Johnny and Esme took over the Kirra Beach Pavilion in the early 50’s when Jack (Sharky) Evens moved onto the pools at Snapper Rocks. Kirra over that period of time was a real family beach with Johnny as the proprietor of the pavilion hiring out surf-o-planes, umbrellas and surfboards. Doug Roughton had the kiosk and between them they organized all sorts of beach sports and fun games for the locals and tourists, I assume this is how the term came about “The Good Old Days.”

Joe Larkin who spent many hours surfing and sailing with Johnny started making foam fiberglass Malibu surfboards in late 1961. The Kirra Beach Hire became the proud owner of 30 of them. Prior to this, boards were very big and heavy making it very difficult to maneuver. Billy Rack our very own Elvis, Mick Dundee and entertainer remembers “Johnny pioneered the Malibu explosion of the 1960”s and was the first on the Gold Coast to ride across the face of the wave and along with his daughters, were great ambassadors of the sport”. Billy also reckons he knew all the words to Frank Sinatra’s tunes and it was always a task to get the microphone back off him.

In November of 1963 Johnny was responsible for a young group of young local lads gathering in the lady’s change room of the Kirra Pavilion to create Queensland’s first Boardriding Club. Kirra Surfriders are still alive and well today and generation after generation of surfers have benefited from Johnny’s generosity and surf knowledge.
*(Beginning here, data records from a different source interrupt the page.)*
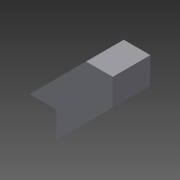
# Autodesk Inventor part: end
Saved by Autodesk Inventor 2015 (Build 190159000, 159)
## iProperties
Created: 2019-04-11
Part Number: end
Material: Generic
Document SubType Name: Modeling
Designer: Raptor
Density: 1 g/cm^3
Appearance: Default
Author: Raptor
Autodesk Inventor part; units mm, degrees
ref_plane "YZ Plane" through (0, 0, 0) normal (1, 0, 0) x (0, 1, 0)
ref_plane "XZ Plane" through (0, 0, 0) normal (0, 1, 0) x (-1, 0, 0)
ref_plane "XY Plane" through (0, 0, 0) normal (0, 0, 1) x (1, 0, 0)
sketch "Sketch1" plane through (0, 0, 0) normal (0, 1, 0) x (-1, 0, 0)
  line L0 (0, 0) -> (0, -70.7107)
  line L1 (70.7107, 0) -> (0, 0)
  line L2 (0, -70.7107) -> (150, -220.7107)
  line L3 (150, -220.7107) -> (150, -150)
  line L4 (150, -150) -> (220.7107, -150)
  line L5 (220.7107, -150) -> (70.7107, 0)
  dimension "d8" = 45
  dimension "d9" = 100
  dimension "d14" = 150
  constraints: 12 end point, 2 equal length, 2 perpendicular, 2 vertical, 1 parallel
  measures "d8" angle of L2 L0
  measures "d9" distance between parallel lines of L2 L5
  measures "d14" distance between parallel lines of L3 L0
extrude "Extrusion1" add sketch "Sketch1" along normal blind 100
body "Solid1"
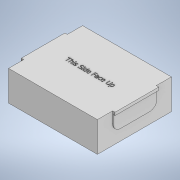
# Autodesk Inventor part: iRobot_filter
Saved by Autodesk Inventor 2020 (Build 240168000, 168)
## iProperties
Created: 2020-04-05
Part Number: iRobot_filter
Material: Generic
Document SubType Name: Modeling
Designer: Clevo
Density: 1 g/cm^3
Appearance: Default
Author: Clevo
Autodesk Inventor part; units mm, degrees
ref_plane "YZ Plane" through (0, 0, 0) normal (1, 0, 0) x (0, 1, 0)
ref_plane "XZ Plane" through (0, 0, 0) normal (0, 1, 0) x (-1, 0, 0)
ref_plane "XY Plane" through (0, 0, 0) normal (0, 0, 1) x (1, 0, 0)
sketch "Sketch1" plane through (0, 0, 0) normal (0, 1, 0) x (-1, 0, 0)
  line L0 (-30.48, -25.4) -> (30.48, -25.4)
  line L1 (30.48, -25.4) -> (30.48, 25.4)
  line L2 (30.48, 25.4) -> (-30.48, 25.4)
  line L3 (-30.48, 25.4) -> (-30.48, -25.4)
  line L4 (-30.48, -25.4) -> (30.48, 25.4) construction
  line L5 (30.48, -25.4) -> (-30.48, 25.4) construction
  point P0 (0, 0)
  dimension "d0" = 50.8
  dimension "d1" = 60.96
  constraints: 12 end point, 2 midpoint, 2 parallel, 1 horizontal, 1 perpendicular
  measures "d0" distance of L0.end L1.end
  measures "d1" distance of L1.end L2.end
extrude "Extrusion1" add sketch "Sketch1" along normal blind 20.6629
sketch "Sketch2" plane through (30.48, 0, 25.4) normal (1, 0, 0) x (0, 0, -1)
  line L0 (0, 0) -> (50.8, 0) projected
  line L1 (50.8, 0) -> (50.8, 20.6629) projected
  line L2 (0, 20.6629) -> (50.8, 20.6629) projected
  line L3 (0, 0) -> (0, 20.6629) projected
  line L4 (0, 20.6629) -> (50.8, 20.6629) projected
  line L5 (10.4, 20.6629) -> (40.4, 20.6629)
  line L6 (40.4, 20.6629) -> (40.4, 7.9629)
  line L7 (40.4, 7.9629) -> (10.4, 7.9629)
  line L8 (10.4, 7.9629) -> (10.4, 20.6629)
  point P0 (25.4, 0)
  point P1 (25.4, 20.6629)
  point P2 (25.4, 20.6629)
  point P3 (10.4, 20.6629)
  dimension "d4" = 12.7
  dimension "d5" = 30
  constraints: 8 end point, 2 midpoint, 2 parallel, 1 coincident, 1 horizontal, 1 perpendicular, 1 point on line
  measures "d4" distance of L5.end L6.end
  measures "d5" distance of L6.end L7.end
extrude "Extrusion2" add sketch "Sketch2" along normal blind 0.5 contours L2 L6 L7 L8
fillet "Fillet1" radius 5 2 edges at (30.73, 7.9629, 15) (30.73, 7.9629, -15)
sketch "Sketch3" plane through (30.98, 0, 25.4) normal (1, 0, 0) x (0, 0, -1)
  arc A0 (35.4, 7.9629) -> (40.4, 12.9629) centre (35.4, 12.9629) ccw projected
  line L0 (40.4, 12.9629) -> (40.4, 20.6629) projected
  line L1 (40.4, 20.6629) -> (10.4, 20.6629) projected
  line L2 (10.4, 20.6629) -> (10.4, 12.9629) projected
  arc A1 (10.4, 12.9629) -> (15.4, 7.9629) centre (15.4, 12.9629) ccw projected
  line L3 (15.4, 7.9629) -> (35.4, 7.9629) projected
  line L4 (40.4, 20.6629) -> (10.4, 20.6629) projected
  line L5 (40.4, 12.9629) -> (40.4, 20.6629) projected
  line L6 (10.4, 20.6629) -> (40.4, 20.6629)
  line L7 (40.4, 20.6629) -> (40.4, 18.6629)
  line L8 (40.4, 18.6629) -> (10.4, 18.6629)
  line L9 (10.4, 18.6629) -> (10.4, 20.6629)
  point P0 (25.4, 0)
  point P1 (10.4, 18.6629)
  dimension "d9" = 2
  constraints: 8 end point, 2 parallel, 1 horizontal, 1 perpendicular, 1 point on line
  measures "d9" distance between parallel lines of L1 L8
extrude "Extrusion3" add sketch "Sketch3" along normal blind 1.17 contours L8 L2 L1 L0
mirror "Mirror1" about plane through (0, 0, 0) normal (1, 0, 0) of "Extrusion2", "Fillet1", "Extrusion3"
sketch "Sketch4" plane through (0, 20.6629, 0) normal (0, 1, 0) x (1, 0, 0)
  line L0 (-16.5843, 2.036) -> (16.3633, 2.036) construction
  line L1 (16.3633, 2.036) -> (16.3633, -1.9901) construction
  line L2 (16.3633, -1.9901) -> (-16.5843, -1.9901) construction
  line L3 (-16.5843, -1.9901) -> (-16.5843, 2.036) construction
  line L4 (-15.5642, -1.1479) -> (-15.5642, 1.5395)
  line L5 (-15.5642, 1.5395) -> (-16.5867, 1.5395)
  line L6 (-16.5867, 1.5395) -> (-16.5867, 1.9001)
  line L7 (-16.5867, 1.9001) -> (-14.1365, 1.9001)
  line L8 (-14.1365, 1.9001) -> (-14.1365, 1.5395)
  line L9 (-14.1365, 1.5395) -> (-15.1591, 1.5395)
  line L10 (-15.1591, 1.5395) -> (-15.1591, -1.1479)
  line L11 (-15.1591, -1.1479) -> (-15.5642, -1.1479)
  line L12 (-12.0617, -1.1479) -> (-12.447, -1.1479)
  line L13 (-12.447, -1.1479) -> (-12.447, 0.1563)
  spline S0 degree 2 poles (-12.447, 0.1563) (-12.447, 0.3144) (-12.4766, 0.5861) (-12.5211, 0.6676) knots 0 0 0 1 2 2 2
  spline S1 degree 2 poles (-12.5211, 0.6676) (-12.568, 0.7541) (-12.736, 0.838) (-12.8792, 0.838) knots 0 0 0 1 2 2 2
  spline S2 degree 2 poles (-12.8792, 0.838) (-13.0225, 0.838) (-13.3263, 0.6849) (-13.472, 0.5614) knots 0 0 0 1 2 2 2
  line L14 (-13.472, 0.5614) -> (-13.472, -1.1479)
  line L15 (-13.472, -1.1479) -> (-13.8574, -1.1479)
  line L16 (-13.8574, -1.1479) -> (-13.8574, 2.036)
  line L17 (-13.8574, 2.036) -> (-13.472, 2.036)
  line L18 (-13.472, 2.036) -> (-13.472, 0.885)
  spline S3 degree 2 poles (-13.472, 0.885) (-13.2991, 1.0406) (-12.9657, 1.2036) (-12.778, 1.2036) knots 0 0 0 1 2 2 2
  spline S4 degree 2 poles (-12.778, 1.2036) (-12.4421, 1.2036) (-12.0617, 0.759) (-12.0617, 0.3366) knots 0 0 0 1 2 2 2
  line L19 (-12.0617, 0.3366) -> (-12.0617, -1.1479)
  line L20 (-11.128, -1.1479) -> (-11.5133, -1.1479)
  line L21 (-11.5133, -1.1479) -> (-11.5133, 1.1394)
  line L22 (-11.5133, 1.1394) -> (-11.128, 1.1394)
  line L23 (-11.128, 1.1394) -> (-11.128, -1.1479)
  line L24 (-11.1008, 1.5198) -> (-11.538, 1.5198)
  line L25 (-11.538, 1.5198) -> (-11.538, 1.9199)
  line L26 (-11.538, 1.9199) -> (-11.1008, 1.9199)
  line L27 (-11.1008, 1.9199) -> (-11.1008, 1.5198)
  spline S5 degree 2 poles (-9.9449, -1.2022) (-10.1746, -1.2022) (-10.5722, -1.0787) (-10.7032, -1.0095) knots 0 0 0 1 2 2 2
  line L28 (-10.7032, -1.0095) -> (-10.7032, -0.5773)
  line L29 (-10.7032, -0.5773) -> (-10.6834, -0.5773)
  spline S6 degree 2 poles (-10.6834, -0.5773) (-10.634, -0.6168) (-10.5006, -0.7107) (-10.3895, -0.7625) knots 0 0 0 1 2 2 2
  spline S7 degree 2 poles (-10.3895, -0.7625) (-10.2931, -0.8095) (-10.056, -0.8786) (-9.93, -0.8786) knots 0 0 0 1 2 2 2
  spline S8 degree 2 poles (-9.93, -0.8786) (-9.8387, -0.8786) (-9.6287, -0.8366) (-9.5793, -0.8021) knots 0 0 0 1 2 2 2
  spline S9 degree 2 poles (-9.5793, -0.8021) (-9.5077, -0.7551) (-9.4435, -0.6489) (-9.4435, -0.5402) knots 0 0 0 1 2 2 2
  spline S10 degree 2 poles (-9.4435, -0.5402) (-9.4435, -0.4044) (-9.5917, -0.2636) (-9.7818, -0.2167) knots 0 0 0 1 2 2 2
  spline S11 degree 2 poles (-9.7818, -0.2167) (-9.8559, -0.1994) (-10.0931, -0.15) (-10.1943, -0.1228) knots 0 0 0 1 2 2 2
  spline S12 degree 2 poles (-10.1943, -0.1228) (-10.4562, -0.0462) (-10.6933, 0.2699) (-10.6933, 0.4947) knots 0 0 0 1 2 2 2
  spline S13 degree 2 poles (-10.6933, 0.4947) (-10.6933, 0.8059) (-10.2264, 1.1937) (-9.8411, 1.1937) knots 0 0 0 1 2 2 2
  spline S14 degree 2 poles (-9.8411, 1.1937) (-9.6509, 1.1937) (-9.2656, 1.0999) (-9.1347, 1.0282) knots 0 0 0 1 2 2 2
  line L30 (-9.1347, 1.0282) -> (-9.1347, 0.6157)
  line L31 (-9.1347, 0.6157) -> (-9.1545, 0.6157)
  spline S15 degree 2 poles (-9.1545, 0.6157) (-9.3027, 0.7343) (-9.6633, 0.8701) (-9.8485, 0.8701) knots 0 0 0 1 2 2 2
  spline S16 degree 2 poles (-9.8485, 0.8701) (-10.0387, 0.8701) (-10.3005, 0.7096) (-10.3005, 0.549) knots 0 0 0 1 2 2 2
  spline S17 degree 2 poles (-10.3005, 0.549) (-10.3005, 0.4033) (-10.1449, 0.2625) (-9.972, 0.2181) knots 0 0 0 1 2 2 2
  spline S18 degree 2 poles (-9.972, 0.2181) (-9.8881, 0.1958) (-9.6756, 0.1514) (-9.5595, 0.1242) knots 0 0 0 1 2 2 2
  spline S19 degree 2 poles (-9.5595, 0.1242) (-9.3076, 0.06) (-9.0507, -0.2339) (-9.0507, -0.4884) knots 0 0 0 1 2 2 2
  spline S20 degree 2 poles (-9.0507, -0.4884) (-9.0507, -0.6366) (-9.1668, -0.8984) (-9.2804, -0.9947) knots 0 0 0 1 2 2 2
  spline S21 degree 2 poles (-9.2804, -0.9947) (-9.4015, -1.096) (-9.7102, -1.2022) (-9.9449, -1.2022) knots 0 0 0 1 2 2 2
  spline S22 degree 2 poles (-6.5041, -1.2022) (-6.8351, -1.2022) (-7.2995, -1.0639) (-7.5045, -0.9651) knots 0 0 0 1 2 2 2
  line L32 (-7.5045, -0.9651) -> (-7.5045, -0.4563)
  line L33 (-7.5045, -0.4563) -> (-7.4748, -0.4563)
  spline S23 degree 2 poles (-7.4748, -0.4563) (-7.2748, -0.644) (-6.7684, -0.8515) (-6.5338, -0.8515) knots 0 0 0 1 2 2 2
  spline S24 degree 2 poles (-6.5338, -0.8515) (-6.1978, -0.8515) (-5.8545, -0.5723) (-5.8545, -0.3426) knots 0 0 0 1 2 2 2
  spline S25 degree 2 poles (-5.8545, -0.3426) (-5.8545, -0.1598) (-6.0348, 0.0674) (-6.23, 0.1242) knots 0 0 0 1 2 2 2
  spline S26 degree 2 poles (-6.23, 0.1242) (-6.3708, 0.1637) (-6.6054, 0.2181) (-6.7808, 0.2625) knots 0 0 0 1 2 2 2
  spline S27 degree 2 poles (-6.7808, 0.2625) (-6.9389, 0.3045) (-7.1883, 0.4305) (-7.2847, 0.5318) knots 0 0 0 1 2 2 2
  spline S28 degree 2 poles (-7.2847, 0.5318) (-7.3785, 0.633) (-7.4823, 0.9047) (-7.4823, 1.0826) knots 0 0 0 1 2 2 2
  spline S29 degree 2 poles (-7.4823, 1.0826) (-7.4823, 1.4531) (-6.9043, 1.9545) (-6.4572, 1.9545) knots 0 0 0 1 2 2 2
  spline S30 degree 2 poles (-6.4572, 1.9545) (-6.2003, 1.9545) (-5.7458, 1.8532) (-5.5507, 1.7569) knots 0 0 0 1 2 2 2
  line L34 (-5.5507, 1.7569) -> (-5.5507, 1.2728)
  line L35 (-5.5507, 1.2728) -> (-5.5803, 1.2728)
  spline S31 degree 2 poles (-5.5803, 1.2728) (-5.7261, 1.4061) (-6.1806, 1.6037) (-6.43, 1.6037) knots 0 0 0 1 2 2 2
  spline S32 degree 2 poles (-6.43, 1.6037) (-6.7116, 1.6037) (-7.0599, 1.3395) (-7.0599, 1.1246) knots 0 0 0 1 2 2 2
  spline S33 degree 2 poles (-7.0599, 1.1246) (-7.0599, 0.9319) (-6.8549, 0.7022) (-6.6622, 0.6503) knots 0 0 0 1 2 2 2
  spline S34 degree 2 poles (-6.6622, 0.6503) (-6.5338, 0.6157) (-6.1608, 0.5268) (-6.0373, 0.4898) knots 0 0 0 1 2 2 2
  spline S35 degree 2 poles (-6.0373, 0.4898) (-5.7236, 0.3934) (-5.4321, 0.0056) (-5.4321, -0.2784) knots 0 0 0 1 2 2 2
  spline S36 degree 2 poles (-5.4321, -0.2784) (-5.4321, -0.4587) (-5.5779, -0.8045) (-5.7088, -0.9256) knots 0 0 0 1 2 2 2
  spline S37 degree 2 poles (-5.7088, -0.9256) (-5.8545, -1.0589) (-6.225, -1.2022) (-6.5041, -1.2022) knots 0 0 0 1 2 2 2
  line L36 (-4.6566, -1.1479) -> (-5.0419, -1.1479)
  line L37 (-5.0419, -1.1479) -> (-5.0419, 1.1394)
  line L38 (-5.0419, 1.1394) -> (-4.6566, 1.1394)
  line L39 (-4.6566, 1.1394) -> (-4.6566, -1.1479)
  line L40 (-4.6294, 1.5198) -> (-5.0666, 1.5198)
  line L41 (-5.0666, 1.5198) -> (-5.0666, 1.9199)
  line L42 (-5.0666, 1.9199) -> (-4.6294, 1.9199)
  line L43 (-4.6294, 1.9199) -> (-4.6294, 1.5198)
  line L44 (-2.3323, -1.1479) -> (-2.7176, -1.1479)
  line L45 (-2.7176, -1.1479) -> (-2.7176, -0.9157)
  spline S38 degree 2 poles (-2.7176, -0.9157) (-2.8065, -0.9898) (-2.9374, -1.0886) (-3.0263, -1.1306) knots 0 0 0 1 2 2 2
  spline S39 degree 2 poles (-3.0263, -1.1306) (-3.1079, -1.1701) (-3.2832, -1.2121) (-3.3993, -1.2121) knots 0 0 0 1 2 2 2
  spline S40 degree 2 poles (-3.3993, -1.2121) (-3.587, -1.2121) (-3.9032, -1.0565) (-4.0144, -0.9058) knots 0 0 0 1 2 2 2
  spline S41 degree 2 poles (-4.0144, -0.9058) (-4.1255, -0.7551) (-4.249, -0.3105) (-4.249, -0.0215) knots 0 0 0 1 2 2 2
  spline S42 degree 2 poles (-4.249, -0.0215) (-4.249, 0.2798) (-4.0934, 0.7195) (-3.9575, 0.885) knots 0 0 0 1 2 2 2
  spline S43 degree 2 poles (-3.9575, 0.885) (-3.8316, 1.0332) (-3.4784, 1.2036) (-3.2832, 1.2036) knots 0 0 0 1 2 2 2
  spline S44 degree 2 poles (-3.2832, 1.2036) (-3.1128, 1.2036) (-2.8584, 1.127) (-2.7176, 1.048) knots 0 0 0 1 2 2 2
  line L46 (-2.7176, 1.048) -> (-2.7176, 2.036)
  line L47 (-2.7176, 2.036) -> (-2.3323, 2.036)
  line L48 (-2.3323, 2.036) -> (-2.3323, -1.1479)
  line L49 (-2.7176, -0.5921) -> (-2.7176, 0.7294)
  spline S45 degree 2 poles (-2.7176, 0.7294) (-2.8609, 0.7985) (-3.0881, 0.8504) (-3.219, 0.8504) knots 0 0 0 1 2 2 2
  spline S46 degree 2 poles (-3.219, 0.8504) (-3.5154, 0.8504) (-3.8513, 0.4058) (-3.8513, -0.0141) knots 0 0 0 1 2 2 2
  spline S47 degree 2 poles (-3.8513, -0.0141) (-3.8513, -0.4192) (-3.5945, -0.8465) (-3.3104, -0.8465) knots 0 0 0 1 2 2 2
  spline S48 degree 2 poles (-3.3104, -0.8465) (-3.1597, -0.8465) (-2.8534, -0.7082) (-2.7176, -0.5921) knots 0 0 0 1 2 2 2
  spline S49 degree 2 poles (-0.7811, -1.1997) (-1.3294, -1.1997) (-1.9321, -0.5847) (-1.9321, -0.0166) knots 0 0 0 1 2 2 2
  spline S50 degree 2 poles (-1.9321, -0.0166) (-1.9321, 0.5416) (-1.3467, 1.2036) (-0.875, 1.2036) knots 0 0 0 1 2 2 2
  spline S51 degree 2 poles (-0.875, 1.2036) (-0.6625, 1.2036) (-0.334, 1.0801) (-0.213, 0.9492) knots 0 0 0 1 2 2 2
  spline S52 degree 2 poles (-0.213, 0.9492) (-0.0895, 0.8183) (0.0414, 0.4404) (0.0414, 0.1662) knots 0 0 0 1 2 2 2
  line L50 (0.0414, 0.1662) -> (0.0414, -0.0438)
  line L51 (0.0414, -0.0438) -> (-1.5419, -0.0438)
  spline S53 degree 2 poles (-1.5419, -0.0438) (-1.5419, -0.4414) (-1.1417, -0.8638) (-0.786, -0.8638) knots 0 0 0 1 2 2 2
  spline S54 degree 2 poles (-0.786, -0.8638) (-0.6601, -0.8638) (-0.4155, -0.807) (-0.3167, -0.7625) knots 0 0 0 1 2 2 2
  spline S55 degree 2 poles (-0.3167, -0.7625) (-0.213, -0.7131) (-0.0697, -0.6267) (-0.0228, -0.5872) knots 0 0 0 1 2 2 2
  line L52 (-0.0228, -0.5872) -> (-0.0006, -0.5872)
  line L53 (-0.0006, -0.5872) -> (-0.0006, -1.0071)
  spline S56 degree 2 poles (-0.0006, -1.0071) (-0.0673, -1.0342) (-0.2698, -1.1133) (-0.3489, -1.1355) knots 0 0 0 1 2 2 2
  spline S57 degree 2 poles (-0.3489, -1.1355) (-0.46, -1.1676) (-0.6428, -1.1997) (-0.7811, -1.1997) knots 0 0 0 1 2 2 2
  spline S58 degree 2 poles (-0.334, 0.2502) (-0.339, 0.4058) (-0.4032, 0.633) (-0.4649, 0.7096) knots 0 0 0 1 2 2 2
  spline S59 degree 2 poles (-0.4649, 0.7096) (-0.5316, 0.796) (-0.7416, 0.8874) (-0.8972, 0.8874) knots 0 0 0 1 2 2 2
  spline S60 degree 2 poles (-0.8972, 0.8874) (-1.0503, 0.8874) (-1.2652, 0.796) (-1.3541, 0.7071) knots 0 0 0 1 2 2 2
  spline S61 degree 2 poles (-1.3541, 0.7071) (-1.4406, 0.6157) (-1.5295, 0.3959) (-1.5419, 0.2502) knots 0 0 0 1 2 2 2
  line L54 (-1.5419, 0.2502) -> (-0.334, 0.2502)
  line L55 (3.5933, 1.5395) -> (2.1755, 1.5395)
  line L56 (2.1755, 1.5395) -> (2.1755, 0.68)
  line L57 (2.1755, 0.68) -> (3.534, 0.68)
  line L58 (3.534, 0.68) -> (3.534, 0.3193)
  line L59 (3.534, 0.3193) -> (2.1755, 0.3193)
  line L60 (2.1755, 0.3193) -> (2.1755, -1.1479)
  line L61 (2.1755, -1.1479) -> (1.7704, -1.1479)
  line L62 (1.7704, -1.1479) -> (1.7704, 1.9001)
  line L63 (1.7704, 1.9001) -> (3.5933, 1.9001)
  line L64 (3.5933, 1.9001) -> (3.5933, 1.5395)
  spline S62 degree 2 poles (5.2013, -0.9058) (5.1543, -0.9404) (4.9963, -1.0639) (4.9222, -1.1009) knots 0 0 0 1 2 2 2
  spline S63 degree 2 poles (4.9222, -1.1009) (4.8209, -1.1553) (4.6307, -1.2121) (4.4578, -1.2121) knots 0 0 0 1 2 2 2
  spline S64 degree 2 poles (4.4578, -1.2121) (4.317, -1.2121) (4.0626, -1.1059) (3.9663, -1.0095) knots 0 0 0 1 2 2 2
  spline S65 degree 2 poles (3.9663, -1.0095) (3.8749, -0.9157) (3.7637, -0.639) (3.7637, -0.4859) knots 0 0 0 1 2 2 2
  spline S66 degree 2 poles (3.7637, -0.4859) (3.7637, -0.2488) (3.9638, 0.0872) (4.1812, 0.1835) knots 0 0 0 1 2 2 2
  spline S67 degree 2 poles (4.1812, 0.1835) (4.3738, 0.2724) (4.8975, 0.3391) (5.2013, 0.3564) knots 0 0 0 1 2 2 2
  line L65 (5.2013, 0.3564) -> (5.2013, 0.4305)
  spline S68 degree 2 poles (5.2013, 0.4305) (5.2013, 0.5639) (5.1198, 0.7294) (5.0457, 0.7763) knots 0 0 0 1 2 2 2
  spline S69 degree 2 poles (5.0457, 0.7763) (4.9716, 0.8232) (4.7591, 0.8529) (4.6455, 0.8529) knots 0 0 0 1 2 2 2
  spline S70 degree 2 poles (4.6455, 0.8529) (4.5121, 0.8529) (4.1515, 0.7738) (3.9712, 0.6972) knots 0 0 0 1 2 2 2
  line L66 (3.9712, 0.6972) -> (3.949, 0.6972)
  line L67 (3.949, 0.6972) -> (3.949, 1.09)
  spline S71 degree 2 poles (3.949, 1.09) (4.0552, 1.1196) (4.4529, 1.1937) (4.648, 1.1937) knots 0 0 0 1 2 2 2
  spline S72 degree 2 poles (4.648, 1.1937) (4.8851, 1.1937) (5.2087, 1.1196) (5.3371, 1.0233) knots 0 0 0 1 2 2 2
  spline S73 degree 2 poles (5.3371, 1.0233) (5.4631, 0.9294) (5.5866, 0.6306) (5.5866, 0.4157) knots 0 0 0 1 2 2 2
  line L68 (5.5866, 0.4157) -> (5.5866, -1.1479)
  line L69 (5.5866, -1.1479) -> (5.2013, -1.1479)
  line L70 (5.2013, -1.1479) -> (5.2013, -0.9058)
  line L71 (5.2013, -0.5847) -> (5.2013, 0.0501)
  spline S74 degree 2 poles (5.2013, 0.0501) (5.063, 0.0378) (4.6455, -0.0042) (4.5146, -0.0438) knots 0 0 0 1 2 2 2
  spline S75 degree 2 poles (4.5146, -0.0438) (4.3615, -0.0907) (4.1614, -0.2858) (4.1614, -0.4587) knots 0 0 0 1 2 2 2
  spline S76 degree 2 poles (4.1614, -0.4587) (4.1614, -0.6563) (4.3837, -0.8564) (4.5961, -0.8564) knots 0 0 0 1 2 2 2
  spline S77 degree 2 poles (4.5961, -0.8564) (4.7764, -0.8564) (5.0728, -0.7008) (5.2013, -0.5847) knots 0 0 0 1 2 2 2
  spline S78 degree 2 poles (7.0365, -1.1997) (6.7994, -1.1997) (6.4066, -1.054) (6.2659, -0.9058) knots 0 0 0 1 2 2 2
  spline S79 degree 2 poles (6.2659, -0.9058) (6.1251, -0.7601) (5.9695, -0.3105) (5.9695, -0.0092) knots 0 0 0 1 2 2 2
  spline S80 degree 2 poles (5.9695, -0.0092) (5.9695, 0.2922) (6.13, 0.7318) (6.2659, 0.88) knots 0 0 0 1 2 2 2
  spline S81 degree 2 poles (6.2659, 0.88) (6.4017, 1.0307) (6.8043, 1.1913) (7.0365, 1.1913) knots 0 0 0 1 2 2 2
  spline S82 degree 2 poles (7.0365, 1.1913) (7.2242, 1.1913) (7.575, 1.085) (7.7108, 1.0159) knots 0 0 0 1 2 2 2
  line L72 (7.7108, 1.0159) -> (7.7108, 0.5836)
  line L73 (7.7108, 0.5836) -> (7.6886, 0.5836)
  spline S83 degree 2 poles (7.6886, 0.5836) (7.6466, 0.6182) (7.5182, 0.7071) (7.4268, 0.7541) knots 0 0 0 1 2 2 2
  spline S84 degree 2 poles (7.4268, 0.7541) (7.3452, 0.7936) (7.1279, 0.8553) (7.0291, 0.8553) knots 0 0 0 1 2 2 2
  spline S85 degree 2 poles (7.0291, 0.8553) (6.7302, 0.8553) (6.3671, 0.4033) (6.3671, -0.0092) knots 0 0 0 1 2 2 2
  spline S86 degree 2 poles (6.3671, -0.0092) (6.3671, -0.4118) (6.7179, -0.8638) (7.0291, -0.8638) knots 0 0 0 1 2 2 2
  spline S87 degree 2 poles (7.0291, -0.8638) (7.2168, -0.8638) (7.5577, -0.7082) (7.6886, -0.5872) knots 0 0 0 1 2 2 2
  line L74 (7.6886, -0.5872) -> (7.7108, -0.5872)
  line L75 (7.7108, -0.5872) -> (7.7108, -1.0194)
  spline S88 degree 2 poles (7.7108, -1.0194) (7.654, -1.0466) (7.4811, -1.1232) (7.4119, -1.1404) knots 0 0 0 1 2 2 2
  spline S89 degree 2 poles (7.4119, -1.1404) (7.3131, -1.1701) (7.1575, -1.1997) (7.0365, -1.1997) knots 0 0 0 1 2 2 2
  spline S90 degree 2 poles (9.0545, -1.1997) (8.5062, -1.1997) (7.9035, -0.5847) (7.9035, -0.0166) knots 0 0 0 1 2 2 2
  spline S91 degree 2 poles (7.9035, -0.0166) (7.9035, 0.5416) (8.4889, 1.2036) (8.9606, 1.2036) knots 0 0 0 1 2 2 2
  spline S92 degree 2 poles (8.9606, 1.2036) (9.1731, 1.2036) (9.5016, 1.0801) (9.6226, 0.9492) knots 0 0 0 1 2 2 2
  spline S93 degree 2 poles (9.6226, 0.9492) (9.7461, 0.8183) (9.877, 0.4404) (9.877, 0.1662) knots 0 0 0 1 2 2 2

Rabbit recalls, “All of us Kirra hangers looked up to Johnny as a father figure, he was my first mentor.” Surfers like Michael Peterson (M.P.), Keith Paull, Peter Drouyn, Graeme Black, Hacka Allan, Kerry Gill, Andrew McKinnon the list goes on, all got their taste of board riding through Johnny’s board hire. Rabbit and M.P. used to hassle all the time for the famous No.19 hire board. Rabbit worked during his school summer holidays at the beach hire and although not much money was made everybody got heaps of surfing in.
John Cunningham, Coolangatta’s Chief Life Guard and good china plate of Johnny’s, says that “apart from doing one of the longest rides across Kirra Point, he is the only person in OZ to do a pub crawl on a catamaran. He would have a beer at the Kirra Beach Hotel before he left, then sail into Coolangatta Beach and have a couple at the Coolangatta Hotel and Grand Hotel before setting sail again onto Greenmount where he would have a couple more and a counter lunch at the Queenslander (The Patch). After surfing off Snapper Rocks for a few hours he would reverse the procedure”. ‘Legendary’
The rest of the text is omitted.